A former senior manager at Maxim Healthcare Services Inc., a Columbia, Md.-based healthcare staffing and homecare provider, was sentenced Monday to five months in prison and five months of home confinement for his part in an unlicensed office that billed nearly $1 million to government healthcare programs, the U.S. Attorney’s Office for the District of New Jersey reported. The judge also imposed a $10,000 fine.

The former manager, Bryan Lee Shipman, 38, of Athens, Ga., pleaded guilty back on June 17, 2010, to a charge of healthcare fraud, according to the U.S. Attorney’s Office.

His charge relates to the his role as regional manager supervising the decision to operate Maxim’s Gainesville, Ga., office without a license from 2008 to 2009, according to the U.S. Attorney’s Office. The Gainesville office billed the Medicaid program for reimbursement as if the bills came from a licensed office.

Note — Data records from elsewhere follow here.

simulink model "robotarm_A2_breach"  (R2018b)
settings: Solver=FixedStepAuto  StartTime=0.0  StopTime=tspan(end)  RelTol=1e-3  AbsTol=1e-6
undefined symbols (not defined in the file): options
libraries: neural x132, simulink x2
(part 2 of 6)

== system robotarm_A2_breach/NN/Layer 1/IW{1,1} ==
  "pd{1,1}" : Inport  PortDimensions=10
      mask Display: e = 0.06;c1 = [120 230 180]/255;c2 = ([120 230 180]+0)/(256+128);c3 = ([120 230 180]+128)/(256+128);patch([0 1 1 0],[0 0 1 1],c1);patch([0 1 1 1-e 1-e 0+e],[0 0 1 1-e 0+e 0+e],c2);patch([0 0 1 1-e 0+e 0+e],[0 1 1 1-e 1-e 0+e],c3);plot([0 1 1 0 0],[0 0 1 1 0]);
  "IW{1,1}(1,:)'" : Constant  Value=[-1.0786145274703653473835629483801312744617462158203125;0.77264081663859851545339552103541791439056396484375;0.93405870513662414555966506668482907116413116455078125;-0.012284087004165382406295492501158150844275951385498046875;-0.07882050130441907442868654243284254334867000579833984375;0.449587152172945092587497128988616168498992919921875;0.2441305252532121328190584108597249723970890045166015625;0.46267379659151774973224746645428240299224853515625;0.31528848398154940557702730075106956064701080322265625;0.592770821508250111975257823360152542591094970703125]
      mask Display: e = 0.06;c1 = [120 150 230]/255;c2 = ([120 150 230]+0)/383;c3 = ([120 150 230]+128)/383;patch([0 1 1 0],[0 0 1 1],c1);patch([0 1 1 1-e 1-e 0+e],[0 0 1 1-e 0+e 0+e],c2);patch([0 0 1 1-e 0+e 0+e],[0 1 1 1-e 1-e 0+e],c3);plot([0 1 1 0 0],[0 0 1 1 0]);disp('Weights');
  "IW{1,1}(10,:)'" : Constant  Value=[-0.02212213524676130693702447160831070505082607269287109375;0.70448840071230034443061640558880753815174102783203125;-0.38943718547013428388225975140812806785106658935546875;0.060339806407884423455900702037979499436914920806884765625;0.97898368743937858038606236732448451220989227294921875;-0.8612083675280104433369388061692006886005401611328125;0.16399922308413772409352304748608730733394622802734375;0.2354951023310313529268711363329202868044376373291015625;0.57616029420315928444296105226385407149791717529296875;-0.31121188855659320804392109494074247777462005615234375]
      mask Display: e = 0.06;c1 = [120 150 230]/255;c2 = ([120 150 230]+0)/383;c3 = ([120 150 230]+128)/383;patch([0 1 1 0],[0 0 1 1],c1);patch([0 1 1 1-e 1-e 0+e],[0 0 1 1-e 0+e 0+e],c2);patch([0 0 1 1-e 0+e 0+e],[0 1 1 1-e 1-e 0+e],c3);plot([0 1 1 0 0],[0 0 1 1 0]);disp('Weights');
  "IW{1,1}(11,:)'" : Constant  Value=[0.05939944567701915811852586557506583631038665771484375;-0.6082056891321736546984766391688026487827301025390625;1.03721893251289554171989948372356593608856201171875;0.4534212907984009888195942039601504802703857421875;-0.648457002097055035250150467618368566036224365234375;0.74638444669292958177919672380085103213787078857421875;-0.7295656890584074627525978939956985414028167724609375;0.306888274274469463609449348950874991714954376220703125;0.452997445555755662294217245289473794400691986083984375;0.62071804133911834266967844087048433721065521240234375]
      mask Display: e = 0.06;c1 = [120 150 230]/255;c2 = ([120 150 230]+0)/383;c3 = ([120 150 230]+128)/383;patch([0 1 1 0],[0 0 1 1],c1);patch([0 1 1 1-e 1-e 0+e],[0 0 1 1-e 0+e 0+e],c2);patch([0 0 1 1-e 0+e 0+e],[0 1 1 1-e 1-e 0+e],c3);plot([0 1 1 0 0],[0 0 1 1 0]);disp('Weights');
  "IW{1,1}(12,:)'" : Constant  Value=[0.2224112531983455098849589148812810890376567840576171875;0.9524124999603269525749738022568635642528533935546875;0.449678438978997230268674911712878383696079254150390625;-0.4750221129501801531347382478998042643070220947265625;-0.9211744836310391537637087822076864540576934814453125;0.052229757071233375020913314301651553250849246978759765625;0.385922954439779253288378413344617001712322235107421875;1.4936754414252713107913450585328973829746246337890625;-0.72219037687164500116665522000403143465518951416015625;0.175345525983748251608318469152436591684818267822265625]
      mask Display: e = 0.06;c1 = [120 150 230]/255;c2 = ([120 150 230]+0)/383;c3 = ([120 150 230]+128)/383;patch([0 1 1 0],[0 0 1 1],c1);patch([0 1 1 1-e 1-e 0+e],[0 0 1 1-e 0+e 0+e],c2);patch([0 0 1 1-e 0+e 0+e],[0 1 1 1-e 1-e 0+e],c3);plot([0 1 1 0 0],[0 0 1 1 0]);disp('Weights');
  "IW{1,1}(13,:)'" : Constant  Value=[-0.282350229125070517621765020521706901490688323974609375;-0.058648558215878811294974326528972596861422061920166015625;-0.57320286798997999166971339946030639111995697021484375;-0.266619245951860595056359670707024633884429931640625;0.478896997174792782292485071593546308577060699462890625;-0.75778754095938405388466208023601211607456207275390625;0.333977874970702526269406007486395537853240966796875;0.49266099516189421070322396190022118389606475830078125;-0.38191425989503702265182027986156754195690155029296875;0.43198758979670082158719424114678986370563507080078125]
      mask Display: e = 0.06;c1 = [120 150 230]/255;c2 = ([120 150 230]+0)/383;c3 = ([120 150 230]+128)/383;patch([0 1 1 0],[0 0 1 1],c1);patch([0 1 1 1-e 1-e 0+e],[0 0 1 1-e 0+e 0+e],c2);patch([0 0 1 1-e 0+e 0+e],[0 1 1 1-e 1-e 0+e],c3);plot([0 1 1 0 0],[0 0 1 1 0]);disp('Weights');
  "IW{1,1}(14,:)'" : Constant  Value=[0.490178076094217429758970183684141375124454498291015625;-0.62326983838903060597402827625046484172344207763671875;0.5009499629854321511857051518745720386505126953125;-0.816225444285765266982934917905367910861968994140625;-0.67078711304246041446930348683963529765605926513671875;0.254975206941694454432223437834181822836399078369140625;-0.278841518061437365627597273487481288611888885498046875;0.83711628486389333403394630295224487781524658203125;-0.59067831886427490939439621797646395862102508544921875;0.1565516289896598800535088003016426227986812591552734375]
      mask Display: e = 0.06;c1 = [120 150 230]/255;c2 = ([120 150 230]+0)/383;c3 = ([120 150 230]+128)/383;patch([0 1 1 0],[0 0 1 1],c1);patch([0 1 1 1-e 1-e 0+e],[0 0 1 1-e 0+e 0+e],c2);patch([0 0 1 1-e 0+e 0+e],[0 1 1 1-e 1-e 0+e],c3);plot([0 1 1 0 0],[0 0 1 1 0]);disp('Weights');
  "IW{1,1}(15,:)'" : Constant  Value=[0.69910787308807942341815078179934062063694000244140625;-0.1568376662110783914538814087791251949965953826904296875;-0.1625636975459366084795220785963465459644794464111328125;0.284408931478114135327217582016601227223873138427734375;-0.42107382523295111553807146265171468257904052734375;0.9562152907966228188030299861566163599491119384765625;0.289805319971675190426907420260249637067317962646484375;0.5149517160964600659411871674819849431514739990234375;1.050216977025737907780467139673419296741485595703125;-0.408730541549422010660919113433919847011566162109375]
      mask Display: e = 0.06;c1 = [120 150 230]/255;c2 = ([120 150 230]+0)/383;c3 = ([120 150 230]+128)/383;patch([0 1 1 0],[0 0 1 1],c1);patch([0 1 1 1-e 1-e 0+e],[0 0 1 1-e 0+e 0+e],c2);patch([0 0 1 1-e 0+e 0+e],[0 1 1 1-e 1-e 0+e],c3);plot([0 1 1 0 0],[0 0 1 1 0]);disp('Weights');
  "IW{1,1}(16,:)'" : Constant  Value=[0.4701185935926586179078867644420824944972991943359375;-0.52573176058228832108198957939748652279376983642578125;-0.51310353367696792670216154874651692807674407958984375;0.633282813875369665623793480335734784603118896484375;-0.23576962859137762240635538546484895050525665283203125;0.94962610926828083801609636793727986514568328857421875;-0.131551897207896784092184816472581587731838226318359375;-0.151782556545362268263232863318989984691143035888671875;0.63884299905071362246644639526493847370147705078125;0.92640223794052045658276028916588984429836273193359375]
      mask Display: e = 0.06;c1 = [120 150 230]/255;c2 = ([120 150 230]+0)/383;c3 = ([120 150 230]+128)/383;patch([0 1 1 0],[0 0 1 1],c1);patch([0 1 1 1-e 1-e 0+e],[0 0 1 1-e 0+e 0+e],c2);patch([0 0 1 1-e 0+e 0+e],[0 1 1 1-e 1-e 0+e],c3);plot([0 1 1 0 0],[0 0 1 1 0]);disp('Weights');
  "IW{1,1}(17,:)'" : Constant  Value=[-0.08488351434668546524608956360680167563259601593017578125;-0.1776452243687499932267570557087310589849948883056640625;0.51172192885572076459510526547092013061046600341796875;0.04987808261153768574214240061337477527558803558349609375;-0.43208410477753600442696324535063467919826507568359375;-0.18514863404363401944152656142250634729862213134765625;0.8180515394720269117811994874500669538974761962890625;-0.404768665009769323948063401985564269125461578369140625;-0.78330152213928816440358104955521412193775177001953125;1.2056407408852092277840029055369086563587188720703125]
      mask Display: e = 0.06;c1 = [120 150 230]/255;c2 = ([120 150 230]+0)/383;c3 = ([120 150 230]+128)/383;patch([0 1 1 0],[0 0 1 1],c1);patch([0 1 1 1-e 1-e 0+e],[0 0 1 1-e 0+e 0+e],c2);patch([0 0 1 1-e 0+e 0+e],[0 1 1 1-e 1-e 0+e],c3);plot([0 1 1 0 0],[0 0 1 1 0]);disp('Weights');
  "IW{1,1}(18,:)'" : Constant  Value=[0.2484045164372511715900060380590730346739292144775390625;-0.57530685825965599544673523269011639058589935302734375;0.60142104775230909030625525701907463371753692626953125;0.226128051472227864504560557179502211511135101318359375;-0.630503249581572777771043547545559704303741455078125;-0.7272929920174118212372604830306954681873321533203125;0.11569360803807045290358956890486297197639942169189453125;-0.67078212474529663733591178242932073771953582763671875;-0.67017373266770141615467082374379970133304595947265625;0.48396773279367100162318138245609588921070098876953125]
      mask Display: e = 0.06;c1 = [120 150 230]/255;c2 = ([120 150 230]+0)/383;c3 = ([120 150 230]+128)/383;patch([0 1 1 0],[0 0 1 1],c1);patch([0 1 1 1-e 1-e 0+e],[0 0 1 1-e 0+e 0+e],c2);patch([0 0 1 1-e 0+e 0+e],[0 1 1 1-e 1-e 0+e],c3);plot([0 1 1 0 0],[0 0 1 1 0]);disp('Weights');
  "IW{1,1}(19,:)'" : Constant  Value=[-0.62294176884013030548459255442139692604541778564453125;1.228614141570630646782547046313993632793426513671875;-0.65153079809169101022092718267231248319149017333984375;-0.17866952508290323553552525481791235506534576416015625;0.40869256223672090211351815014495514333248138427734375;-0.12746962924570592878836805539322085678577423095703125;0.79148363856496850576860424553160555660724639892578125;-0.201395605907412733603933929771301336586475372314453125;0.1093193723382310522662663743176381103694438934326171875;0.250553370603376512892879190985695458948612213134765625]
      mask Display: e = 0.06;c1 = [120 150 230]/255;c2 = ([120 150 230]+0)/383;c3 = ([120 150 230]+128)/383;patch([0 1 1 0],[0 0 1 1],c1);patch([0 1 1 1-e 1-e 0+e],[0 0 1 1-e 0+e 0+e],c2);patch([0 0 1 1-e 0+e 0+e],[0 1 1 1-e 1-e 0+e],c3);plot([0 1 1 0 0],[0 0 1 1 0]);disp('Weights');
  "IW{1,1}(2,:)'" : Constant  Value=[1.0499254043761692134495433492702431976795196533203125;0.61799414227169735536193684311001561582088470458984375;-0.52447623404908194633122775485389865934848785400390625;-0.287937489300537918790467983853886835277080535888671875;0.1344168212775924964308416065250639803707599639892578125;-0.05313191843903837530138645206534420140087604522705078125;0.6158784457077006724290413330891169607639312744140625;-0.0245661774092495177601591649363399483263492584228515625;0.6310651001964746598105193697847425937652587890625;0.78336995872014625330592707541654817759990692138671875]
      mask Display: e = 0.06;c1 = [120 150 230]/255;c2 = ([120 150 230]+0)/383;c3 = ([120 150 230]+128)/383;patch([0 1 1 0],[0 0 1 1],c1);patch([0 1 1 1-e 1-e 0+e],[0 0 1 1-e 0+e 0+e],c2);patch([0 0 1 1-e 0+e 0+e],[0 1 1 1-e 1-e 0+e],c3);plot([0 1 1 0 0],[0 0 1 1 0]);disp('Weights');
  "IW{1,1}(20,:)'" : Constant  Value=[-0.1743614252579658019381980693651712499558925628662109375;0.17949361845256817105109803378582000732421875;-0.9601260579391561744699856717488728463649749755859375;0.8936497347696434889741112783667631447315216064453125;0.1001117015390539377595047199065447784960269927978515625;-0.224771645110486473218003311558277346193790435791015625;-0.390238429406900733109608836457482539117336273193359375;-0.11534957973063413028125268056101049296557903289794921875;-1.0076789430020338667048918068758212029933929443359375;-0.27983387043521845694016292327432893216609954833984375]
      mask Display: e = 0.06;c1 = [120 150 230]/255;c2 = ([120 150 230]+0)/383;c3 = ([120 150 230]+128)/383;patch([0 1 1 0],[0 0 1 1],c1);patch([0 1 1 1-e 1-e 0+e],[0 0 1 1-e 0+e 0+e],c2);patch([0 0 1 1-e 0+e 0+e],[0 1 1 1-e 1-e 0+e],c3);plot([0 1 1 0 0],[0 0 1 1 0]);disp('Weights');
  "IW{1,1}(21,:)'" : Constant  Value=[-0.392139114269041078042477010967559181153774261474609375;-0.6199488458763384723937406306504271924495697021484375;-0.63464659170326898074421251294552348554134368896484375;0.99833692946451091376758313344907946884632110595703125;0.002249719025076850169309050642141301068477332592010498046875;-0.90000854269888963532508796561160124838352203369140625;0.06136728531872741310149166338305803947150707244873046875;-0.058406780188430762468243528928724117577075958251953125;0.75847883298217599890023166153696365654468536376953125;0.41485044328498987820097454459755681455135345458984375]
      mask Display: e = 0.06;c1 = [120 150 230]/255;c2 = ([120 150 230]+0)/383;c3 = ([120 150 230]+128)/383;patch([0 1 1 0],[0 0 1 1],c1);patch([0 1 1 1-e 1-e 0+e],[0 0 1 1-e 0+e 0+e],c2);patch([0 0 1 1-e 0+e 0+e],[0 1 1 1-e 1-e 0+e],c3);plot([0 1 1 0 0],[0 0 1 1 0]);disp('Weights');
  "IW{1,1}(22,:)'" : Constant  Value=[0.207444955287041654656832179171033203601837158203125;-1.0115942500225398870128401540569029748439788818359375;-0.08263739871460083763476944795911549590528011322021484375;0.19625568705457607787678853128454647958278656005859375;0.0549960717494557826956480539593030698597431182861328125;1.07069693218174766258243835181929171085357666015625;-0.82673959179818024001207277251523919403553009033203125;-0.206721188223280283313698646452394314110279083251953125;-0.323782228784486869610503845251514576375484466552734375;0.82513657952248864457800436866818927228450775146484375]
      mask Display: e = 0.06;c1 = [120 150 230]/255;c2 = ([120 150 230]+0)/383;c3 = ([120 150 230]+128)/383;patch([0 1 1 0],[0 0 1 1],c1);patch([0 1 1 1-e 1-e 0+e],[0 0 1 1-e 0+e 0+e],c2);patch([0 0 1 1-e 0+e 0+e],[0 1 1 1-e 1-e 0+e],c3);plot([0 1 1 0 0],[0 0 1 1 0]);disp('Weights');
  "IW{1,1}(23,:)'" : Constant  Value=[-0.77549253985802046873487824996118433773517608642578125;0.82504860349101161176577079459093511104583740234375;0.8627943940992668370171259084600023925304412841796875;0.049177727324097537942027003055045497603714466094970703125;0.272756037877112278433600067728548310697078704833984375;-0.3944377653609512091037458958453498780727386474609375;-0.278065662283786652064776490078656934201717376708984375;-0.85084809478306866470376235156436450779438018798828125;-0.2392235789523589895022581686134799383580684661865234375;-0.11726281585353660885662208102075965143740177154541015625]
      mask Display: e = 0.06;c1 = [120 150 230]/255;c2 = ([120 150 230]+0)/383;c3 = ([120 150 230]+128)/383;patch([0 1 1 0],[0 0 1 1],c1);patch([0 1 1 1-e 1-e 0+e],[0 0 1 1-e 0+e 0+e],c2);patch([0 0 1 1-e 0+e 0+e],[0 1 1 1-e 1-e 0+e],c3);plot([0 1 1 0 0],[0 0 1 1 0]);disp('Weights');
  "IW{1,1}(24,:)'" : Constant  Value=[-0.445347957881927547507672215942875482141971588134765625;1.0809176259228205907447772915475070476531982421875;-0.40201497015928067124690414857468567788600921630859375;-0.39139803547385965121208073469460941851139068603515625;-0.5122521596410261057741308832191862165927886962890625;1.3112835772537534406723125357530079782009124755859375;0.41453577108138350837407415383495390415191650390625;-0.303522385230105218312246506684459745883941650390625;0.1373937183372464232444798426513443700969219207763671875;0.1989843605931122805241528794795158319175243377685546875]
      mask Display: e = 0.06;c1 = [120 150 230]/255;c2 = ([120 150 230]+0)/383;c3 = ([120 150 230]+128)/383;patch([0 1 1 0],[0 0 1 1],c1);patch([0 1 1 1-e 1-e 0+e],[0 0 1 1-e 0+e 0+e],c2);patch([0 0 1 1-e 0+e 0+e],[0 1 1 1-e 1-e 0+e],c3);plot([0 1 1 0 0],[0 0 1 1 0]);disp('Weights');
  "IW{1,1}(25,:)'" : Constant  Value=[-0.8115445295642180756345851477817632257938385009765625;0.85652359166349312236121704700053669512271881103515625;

Shipman is one of nine former Maxim employees to have pleaded guilty to and been sentenced on charges arising from fraudulent activities related to government billings, according to the U.S. Attorney’s Office. Maxim itself entered into a settlement with the government earlier this year in the amount of $150 million under a deferred prosecution agreement.

Shipman had been employed by Maxim for 13 years and managed 13 offices in 2008 with hundreds of employees and annual sales of more than $42 million, according to the office. Shipman earned more than $325,000 in his last year of employment at Maxim.

The eight other executives had been sentenced earlier.